=== The problem ===
How many lines of the records hold the string "BehaviorTree"? Reply with the number alone.
++++ Source material ++++
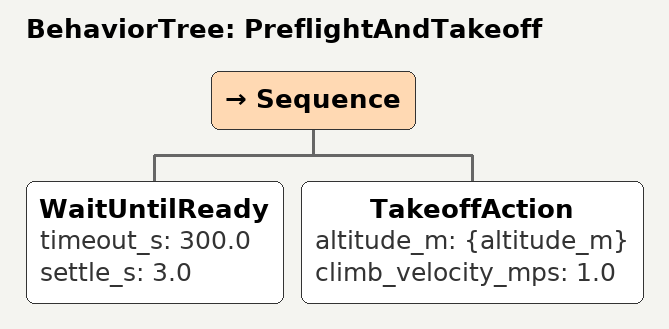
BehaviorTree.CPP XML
<root BTCPP_format="4">

  <BehaviorTree ID="PreflightAndTakeoff">
    <Sequence>
      <WaitUntilReady timeout_s="300.0" settle_s="3.0"/>
      <TakeoffAction altitude_m="{altitude_m}" climb_velocity_mps="1.0"/>
    </Sequence>
  </BehaviorTree>

</root>
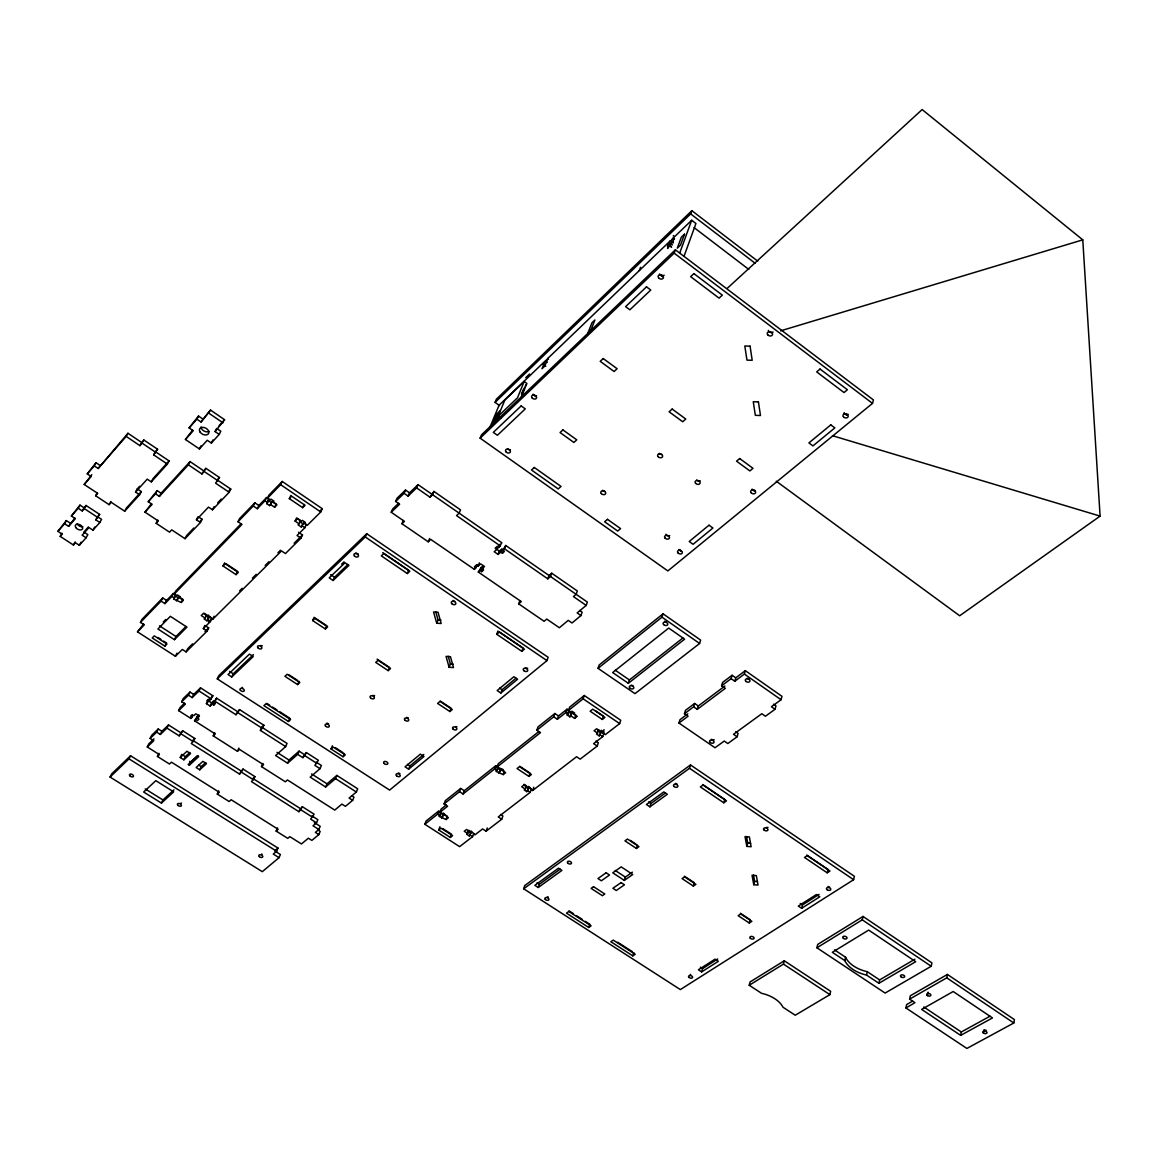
<?xml version="1.0" encoding="UTF-8"?>
<svg xmlns="http://www.w3.org/2000/svg" width="1158" height="1158" viewBox="0 0 1158 1158"><rect width="100%" height="100%" fill="white"/><g stroke="black" fill="none" stroke-linecap="round" stroke-linejoin="round"><path stroke-width="1.5" d="M1013.815 1022.992L1014.394 1019.576L947.403 974.443L910.304 995.764L909.623 999.137L914.95 1002.683L905.932 1007.967L966.887 1048.439L1013.815 1022.992L946.752 977.844L909.623 999.137M983.489 1033.095A2.142 1.259 11.4 0 1 984.242 1031.025A2.142 1.259 11.4 0 1 986.963 1032.849A2.142 1.259 11.4 0 1 983.489 1033.095L984.097 1029.694M960.677 1035.368L992.493 1017.925L953.179 991.523L921.638 1009.4L960.677 1035.368L961.299 1031.981L990.061 1016.188M946.752 977.844L947.403 974.443M927.384 995.59A2.157 1.288 12.2 0 1 928.079 993.477A2.157 1.288 12.2 0 1 930.858 995.33A2.157 1.288 12.2 0 1 927.384 995.59L928.05 992.203M931.22 966.264L931.886 962.863L863.028 916.456L817.707 944.421L816.911 947.78L885.117 993.057L931.22 966.264L862.276 919.843L816.911 947.78M905.932 1007.967L906.627 1004.594L912.634 1001.077M878.922 983.287L915.703 961.705L868.688 930.091L832.312 952.296L844.848 960.633A26.2 15.807 13.1 0 0 866.517 975.05L878.922 983.287L879.631 979.914L914.863 959.215M866.517 975.05L867.255 971.678A26.171 15.807 13.1 0 1 845.601 957.261L834.484 949.864M862.276 919.843L863.028 916.456M844.848 960.633L845.601 957.261M853.62 879.704L854.401 876.317L690.501 764.946L524.777 885.523L523.662 888.779L680.354 989.583L853.62 879.704L689.517 768.29L523.662 888.779M829.881 994.65L830.648 991.306L784.284 960.778L750.066 981.955L749.212 985.255L761.588 993.318A25.201 14.721 14.7 0 1 782.996 1007.243L795.228 1015.219L829.881 994.65L783.459 964.107L749.212 985.255M827.203 872.814L829.982 871.033L807.271 855.646L804.506 857.456L827.203 872.814L828.013 869.426L806.764 855.038M783.459 964.107L784.284 960.778M801.654 908.306L819.777 896.799L816.419 894.526L798.311 906.077L801.654 908.306L802.48 904.948L819.068 894.381M749.24 922.998L751.846 921.319L740.729 913.98L738.138 915.66L749.24 922.998L750.109 919.669L740.411 913.242M753.757 884.726L752.049 875.245L756.333 875.607L758.027 885.074L753.757 884.726L754.64 881.368L753.496 875.057M872.51 403.375L873.421 399.944L675.389 249.81L481.496 434.858L480.121 438.158L667.848 570.923L872.51 403.375L674.159 253.139L675.389 249.81M746.809 846.382L745.028 836.612L749.385 836.959L751.137 846.73L746.809 846.382L747.706 843.024L746.534 836.51M735.677 731.755L738.08 733.405L737.125 736.778L733.521 734.302L761.819 713.719L765.438 716.252L775.035 709.289L771.402 706.756L781.057 699.736L781.968 696.32L745.332 670.67L735.779 677.835L734.794 681.237L731.118 678.66L732.088 675.273L735.779 677.835M701.661 971.895L718.322 961.314L715.036 959.171L698.404 969.782L701.661 971.895L702.559 968.609L717.685 958.969M775.035 709.289L775.961 705.888L773.53 704.194M723.793 802.798L726.5 800.902L703.036 785.008L700.344 786.919L723.793 802.798L724.734 799.44L702.776 784.559M693.338 886.058L695.9 884.321L684.595 876.838L682.033 878.589L693.338 886.058L694.279 882.729L684.407 876.201M734.794 681.237L744.362 674.057L745.332 670.67M737.125 736.778L727.832 743.523L724.242 741.048L715.022 747.75L678.964 723.055L688.084 716.223L684.45 713.733L693.628 706.829L697.275 709.333L725.299 688.344L721.622 685.782L722.621 682.409L732.088 675.273M689.517 768.29L690.501 764.946M632.818 955.871L635.221 954.279L613.233 940.108L610.845 941.729L632.818 955.871L633.788 952.6M697.275 709.333L698.288 705.975L724.894 686.014M693.628 706.829L694.641 703.456L698.288 705.975M678.964 723.055L679.992 719.697L687.794 713.835M684.45 713.733L685.464 710.361L694.641 703.456M624.336 880.398L632.775 874.507L621.18 866.893L612.77 872.814L624.336 880.398L625.349 877.098L632.369 872.177M636.437 848.452L638.97 846.657L627.462 839.058L624.944 840.853L636.437 848.452L637.45 845.137M699.591 643.486L700.619 640.099L663.042 613.798L599.164 664.996L598.035 668.34L634.989 693.642L699.591 643.486L661.956 617.156L663.042 613.798M649.928 806.837L667.326 794.272L663.809 791.913L646.425 804.492L649.928 806.837L650.941 803.507L665.43 793.027M588.727 927.486L591.101 925.85L568.824 911.491L566.465 913.141L588.727 927.486L589.755 924.214L585.311 921.348M628.331 683.292L684.624 639.173L668.716 628.056L612.654 672.552L628.331 683.292L629.416 679.949L682.873 638.015M604.027 729.67L602.927 733L605.33 734.621L619.66 723.605L620.746 720.276L584.283 695.509L569.606 707.147L568.462 710.462L570.894 712.112L572.009 711.229L574.686 713.038L573.572 713.921L577.22 716.382L574.643 718.409L570.995 715.948L569.881 716.831L567.203 715.022L568.346 711.707L571.024 713.516L572.139 712.633L575.787 715.094L574.643 718.409M524.038 784.284L526.398 785.833L525.24 789.119L521.693 786.774L524.125 784.892L527.672 787.237L528.728 786.427L532.637 790.509L576.568 756.739L580.144 759.141L597.21 746.07L598.31 742.741L595.907 741.134M597.21 746.07L593.605 743.639L602.739 736.633L603.839 733.303L601.422 731.682L599.207 735.866L596.544 734.071L598.773 729.887L597.658 730.756L600.307 732.536M602.29 719.451L604.91 717.424L592.751 709.174L590.146 711.215L602.29 719.451L603.405 716.122L595.313 710.636M599.207 735.866L601.422 731.682M538.224 887.506L561.919 870.396L558.503 868.182L534.837 885.32L538.224 887.506L539.324 884.263L560.211 869.137M568.462 710.462L583.14 698.824L584.283 695.509M570.995 715.948L572.139 712.633M567.203 715.022L569.461 710.824L567.029 709.188L558.518 715.948L557.36 719.263L553.712 716.802L536.878 730.191L540.496 732.623L497.043 767.045L503.093 769.52L502.051 770.345L505.626 772.704L503.209 774.601L495.971 771.344L498.215 767.247L495.827 765.684L464.257 790.74L463.041 793.983L459.494 791.681L444.064 803.942L447.596 806.229L439.953 812.279L442.298 813.799L443.282 813.017L448.363 817.736L446.076 819.531L439.027 816.39L441.227 812.366L440.243 813.148L447.292 816.289L446.076 819.531M569.881 716.831L571.024 713.516M557.36 719.263L565.886 712.503L567.029 709.188M500.574 814.436L502.905 815.956L501.747 819.213L498.244 816.94L530.205 792.376L531.348 789.105L528.989 787.541L526.789 791.638L524.198 789.93L525.24 789.119M532.637 790.509L533.78 787.223M528.945 776.41L531.392 774.499L519.493 766.625L517.047 768.55L528.945 776.41L530.089 773.124L519.696 766.249M526.789 791.638L528.989 787.541M553.712 716.802L554.87 713.502L558.518 715.948M519.956 600.553L518.697 603.868L544.101 621.296L546.735 619.067L559.372 627.752L568.231 620.37L572.023 622.975L580.969 615.549L582.141 612.22L579.608 610.469M580.969 615.549L577.162 612.929L586.165 605.417L587.352 602.088L550.499 576.525L547.806 578.841L504.439 548.776L502.673 550.34L504.367 551.512L502.442 553.249L500.748 552.077L498.114 554.421L494.205 551.715L496.84 549.37L498.143 546.069M536.878 730.191L538.036 726.891L554.87 713.502M503.209 774.601L504.381 771.329L500.821 768.97L498.591 773.066M546.952 660.61L548.139 657.295L366.724 533.722L218.775 675.707L217.27 678.878L389.609 790.089L546.952 660.61L365.277 536.979L217.27 678.878M468.903 830.272L467.716 833.514L464.242 831.27L466.544 829.49L470.018 831.734L471.016 830.966L474.896 834.889L482.625 828.94L486.099 831.198L487.272 827.956M499.634 772.256L500.821 768.97M469.265 835.931L471.451 831.922L469.265 835.931L466.717 834.281L467.904 831.039L470.452 832.689M463.041 793.983L494.64 768.955L495.827 765.684M497.043 767.045L498.229 763.773L538.861 731.538M424.841 824.264L437.666 814.088L438.896 810.861L426.072 821.036L424.841 824.264L459.61 846.643L472.58 836.655L473.767 833.413M684.002 256.352L695.929 223.508L691.688 220.266L673.623 237.607L673.319 240.835L667.573 248.434L668.774 245.192L671.597 247.32M679.703 253.081L691.688 220.266M499.46 405.532L495.059 402.391L690.66 213.912L691.847 210.684L757.752 261.172M547.806 578.841L549.037 575.512L551.729 573.21L577.335 590.985L576.134 594.315L573.442 596.587L586.165 605.417M497.983 630.965L496.724 634.266L521.824 651.317L523.054 648.017L499.445 631.979M550.499 576.525L551.729 573.21M500.849 693.034L517.597 679.21L513.891 676.706L497.158 690.559L500.849 693.034L502.08 689.748L516.019 678.226M673.276 242.775L670.468 240.647L667.413 246.495L668.774 245.192M439.939 826.74L438.723 829.968L450.332 837.437L451.519 834.209L442.834 828.607M459.494 791.681L460.71 788.424L464.257 790.74M442.573 817.273L443.804 814.031M439.953 812.279L441.169 809.051L446.264 805.013M444.064 803.942L445.294 800.699L460.71 788.424M441.589 818.04L442.805 814.812M639.332 270.538L640.562 267.31M449.869 711.533L452.271 709.521L440.011 701.386L437.623 703.413L449.869 711.533L451.128 708.262L440.257 701.053M502.673 550.34L505.728 545.476L549.037 575.512M587.656 333.721L591.926 322.821L594.894 319.984L590.638 330.884M502.442 553.249L503.73 549.934M504.439 548.776L505.728 545.476M500.748 552.077L502.036 548.762L499.402 551.121L495.146 548.197L497.071 546.46L498.765 547.633L500.068 544.332M498.765 547.633L501.834 542.755L432.571 494.712L429.98 497.173L416.619 487.909L408.094 496.102L404.084 493.322L395.631 501.457L399.626 504.208L391.216 512.256L404.46 521.361L401.942 523.749L428.243 541.799L430.79 539.44L474.418 569.403L477.458 564.568M498.114 554.421L499.402 551.121M408.629 769.158L423.958 756.507L420.354 754.148L405.039 766.828L408.629 769.158L409.903 765.93L423.828 754.408M449.116 667.283L446.062 656.398L450.448 656.687L453.487 667.573L449.116 667.283L450.404 664.012L448.233 656.239M480.02 570.532L481.337 567.246L483.016 568.39L481.699 571.69L480.02 570.532L478.297 572.066L521.317 601.624L518.697 603.868M481.699 571.69L483.61 569.997L481.916 568.839L483.233 565.553M476.141 567.869L474.462 566.711L476.358 565.017L478.037 566.175L479.354 562.875M478.297 572.066L481.337 567.246M474.418 569.403L475.735 566.117M489.617 427.997L499.069 405.257L545.129 361.021L541.987 368.765L544.825 366.058L547.951 358.3L670.468 240.647M436.725 623.236L433.57 611.989L438.028 612.249L441.169 623.496L436.725 623.236L438.057 619.95L435.813 611.931M521.476 394.053L523.402 389.349M521.578 394.907L524.777 387.076M521.317 397.078L526.89 383.443L524.169 381.489L504.845 400.06L498.099 416.315L500.821 418.241M262.909 763.426L261.491 766.596L285.36 781.795L287.459 779.971L334.749 810.093L341.899 804.101L345.431 806.359L352.654 800.352L353.957 797.138L351.612 795.633M524.169 381.489L517.51 397.773L498.099 416.315M352.654 800.352L349.108 798.079L356.375 792.014L357.692 788.801L336.862 775.426L326.99 783.821L325.644 787.02L310.199 777.134L320.013 768.666L321.374 765.467L316.235 762.167M495.552 421.628L500.039 410.786L497.318 413.392L492.83 424.219M277.5 827.898L276.14 831.068L287.777 838.378L289.847 836.655L301.456 843.965L308.375 838.204L311.864 840.39L318.841 834.6L320.173 831.415L317.842 829.953M388.191 670.641L390.536 668.571L378.058 660.292L375.713 662.376L388.191 670.641L389.537 667.399L377.088 659.134M325.644 787.02L335.516 778.625L336.862 775.426M495.059 402.391L496.391 399.177L691.847 210.684M318.841 834.6L315.352 832.399L318.855 829.475L320.187 826.291L314.354 822.6M332.404 745.781L331.043 748.98L343.072 756.753L344.418 753.54M318.855 829.475L313.007 825.784L316.525 822.846L317.857 819.661L312.009 815.941M428.243 541.799L429.632 538.513M316.525 822.846L310.662 819.14L314.108 814.175L302.368 806.721L298.909 811.7L251.518 781.664L254.992 776.671L243.05 769.086L239.561 774.094L191.331 743.537L194.848 738.5L182.689 730.785L179.172 735.837L166.969 728.107L160.354 734.447L156.692 732.131L150.135 738.428L153.782 740.729L147.269 746.982L159.384 754.596L157.416 756.449L169.473 764.019L171.442 762.181L219.296 792.275L217.284 794.07L229.139 801.524L231.151 799.744L278.181 829.316L276.14 831.068M407.312 573.528L409.787 571.256L383.776 553.567L381.329 555.883L407.312 573.528L408.702 570.272L382.748 552.627M298.909 811.7L302.368 806.721M279.049 857.673L273.274 854.068L276.646 851.246L278.007 848.076L130.55 755.74L111.617 773.949L110.068 777.061L262.301 871.656L279.049 857.673L280.395 854.517L274.634 850.913M429.98 497.173L433.961 491.441L460.493 509.853L459.133 513.153L456.527 515.571L500.531 546.069M320.013 768.666L314.86 765.366L318.392 760.299L306.392 752.584L302.86 757.665L297.693 754.35L287.604 763.223L275.604 755.537L285.635 746.606L287.039 743.422L261.838 727.224L260.405 730.409L285.635 746.606M432.571 494.712L433.961 491.441M401.942 523.749L403.36 520.478M302.86 757.665L306.392 752.584M408.094 496.102L409.512 492.83L418.052 484.637L431.384 493.887M297.693 754.35L299.082 751.151L304.25 754.466M416.619 487.909L418.052 484.637M404.084 493.322L405.517 490.066L409.512 492.83M287.604 763.223L289.008 760.039L299.082 751.151M395.631 501.457L397.064 498.201L405.517 490.066M391.216 512.256L392.663 508.999L398.656 503.252M288.429 721.463L290.6 719.523L266.065 703.673L263.923 705.642L288.429 721.463L289.847 718.278L279.773 711.75M365.277 536.979L366.724 533.722M325.355 628.982L326.788 625.754L314.108 617.344L312.646 620.558L325.355 628.982L327.656 626.84L314.933 618.401L312.646 620.558M297.606 684.581L299.806 682.554L287.126 674.274L284.926 676.315L297.606 684.581L299.039 681.367M260.405 730.409L263.952 725.299L239.547 709.608L235.971 714.732L215.084 701.328L213.694 702.631L215.301 703.659L213.781 705.092L212.175 704.078L210.119 706.033L206.413 703.659L207.919 700.503L211.61 702.863L213.68 700.908L212.175 704.078M333.084 580.491L348.92 565.408L345.012 562.774L329.205 577.885L333.084 580.491L334.546 577.249L347.936 564.496M239.561 774.094L243.05 769.086M217.284 794.07L218.732 790.914M214.722 732.725L213.246 735.88L237.448 751.296L238.895 748.126M235.971 714.732L239.547 709.608M199.755 769.809L206.471 763.643L202.867 761.356L196.151 767.537L199.755 769.809L201.231 766.654L205.704 762.543M295.087 521.1L296.622 517.887L300.588 520.564L299.053 523.792L295.087 521.1L297.447 518.741L301.413 521.433L302.441 520.405L305.365 522.388L304.337 523.402L307.246 525.37L320.766 511.952L322.271 508.709L282.205 481.453L268.902 495.161L267.324 498.374L270.002 500.184L271.015 499.141L273.954 501.125L272.941 502.167L276.95 504.874L274.605 507.262L270.596 504.555L269.597 505.597L266.658 503.614L269.235 499.359L266.572 497.549L258.842 505.496L257.264 508.709L253.255 506.017L237.998 521.751L241.979 524.415L174.062 594.257L176.638 595.936L177.55 594.995L180.387 596.848L179.476 597.789L183.34 600.322L181.227 602.478L173.613 599.048L175.22 595.863L178.042 597.716L178.969 596.775L182.819 599.294L181.227 602.478M204.069 613.19L206.631 614.855L205.067 618.039L201.231 615.535L203.359 613.407L207.195 615.911L208.122 614.985L212.565 619.414L281.524 550.918L285.461 553.553L300.979 538.181L302.499 534.953L298.561 532.289M299.053 523.792L298.04 524.806L301.21 526.962L303.758 522.707L306.392 524.502L304.872 527.73L297.027 535.517L300.979 538.181M189.362 765.221L198.684 756.579L197.482 755.812L188.161 764.468L189.362 765.221L190.838 762.065L197.844 755.581M301.21 526.962L303.758 522.707M231.774 676.981L253.211 656.557L249.448 654.111L228.025 674.564L231.774 676.981L233.265 673.811L253.443 654.574M210.119 706.033L211.61 702.863M213.694 702.631L216.575 698.158L237.448 711.562M215.084 701.328L216.575 698.158M213.781 705.092L215.272 701.936M180.257 757.52L186.93 751.281L190.549 753.583L183.876 759.807L180.257 757.52L181.748 754.365L185.367 756.652L189.825 752.497M206.413 703.659L209.989 698.535M161.454 803.087L173.686 791.84L155.809 780.666L143.664 792.029L161.454 803.087L162.945 799.961L173.946 789.828M208.483 701.705L206.877 700.677L208.397 699.229L210.003 700.257L212.884 695.784L200.537 687.838L193.69 694.438L192.17 697.594L188.45 695.22L181.676 701.777L185.367 704.136L178.621 710.621L190.882 718.438L192.242 717.149L190.65 716.136L192.127 714.718L193.719 715.731L195.76 713.806L199.437 716.151L197.396 718.076L198.988 719.089L197.497 720.508L195.905 719.494L194.558 720.783L215.287 733.984L213.246 735.88M290.875 495.407L289.326 498.62L302.672 507.682L304.207 504.454M183.876 759.807L185.367 756.652M194.558 720.783L197.41 716.339L195.905 719.494M197.396 718.076L198.901 714.92M179.172 735.837L182.689 730.785M190.882 718.438L192.402 715.282M192.17 697.594L199.017 691.008L200.537 687.838M157.416 756.449L158.95 753.308M188.45 695.22L189.984 692.064L193.69 694.438M166.969 728.107L168.503 724.951L180.691 732.681M274.605 507.262L276.169 504.048L272.173 501.342L269.597 505.597M181.676 701.777L183.196 698.621L189.984 692.064M178.621 710.621L180.141 707.466L184.643 703.138M212.565 619.414L214.114 616.23M143.635 624.032L137.498 631.848L175.423 656.296L182.327 649.45L186.105 651.896L207.123 631.081L208.686 627.897L206.138 626.246M224.609 562.802L223.031 566.001L236.044 574.629L237.607 571.43L226.056 563.758M270.596 504.555L272.173 501.342M267.324 498.374L280.641 484.681L282.205 481.453M160.354 734.447L161.888 731.291L168.503 724.951M257.264 508.709L264.994 500.763L266.572 497.549M205.067 618.039L204.141 618.965L206.949 620.804L209.424 616.693L211.986 618.358L210.423 621.542L203.316 628.606L207.123 631.081M203.316 628.606L204.879 625.421M206.949 620.804L209.424 616.693M150.135 738.428L151.684 735.287L158.226 728.975L161.888 731.291M147.269 746.982L148.803 743.841L154.014 738.833M266.658 503.614L269.235 499.359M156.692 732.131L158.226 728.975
++++
=== Response to this task ===
3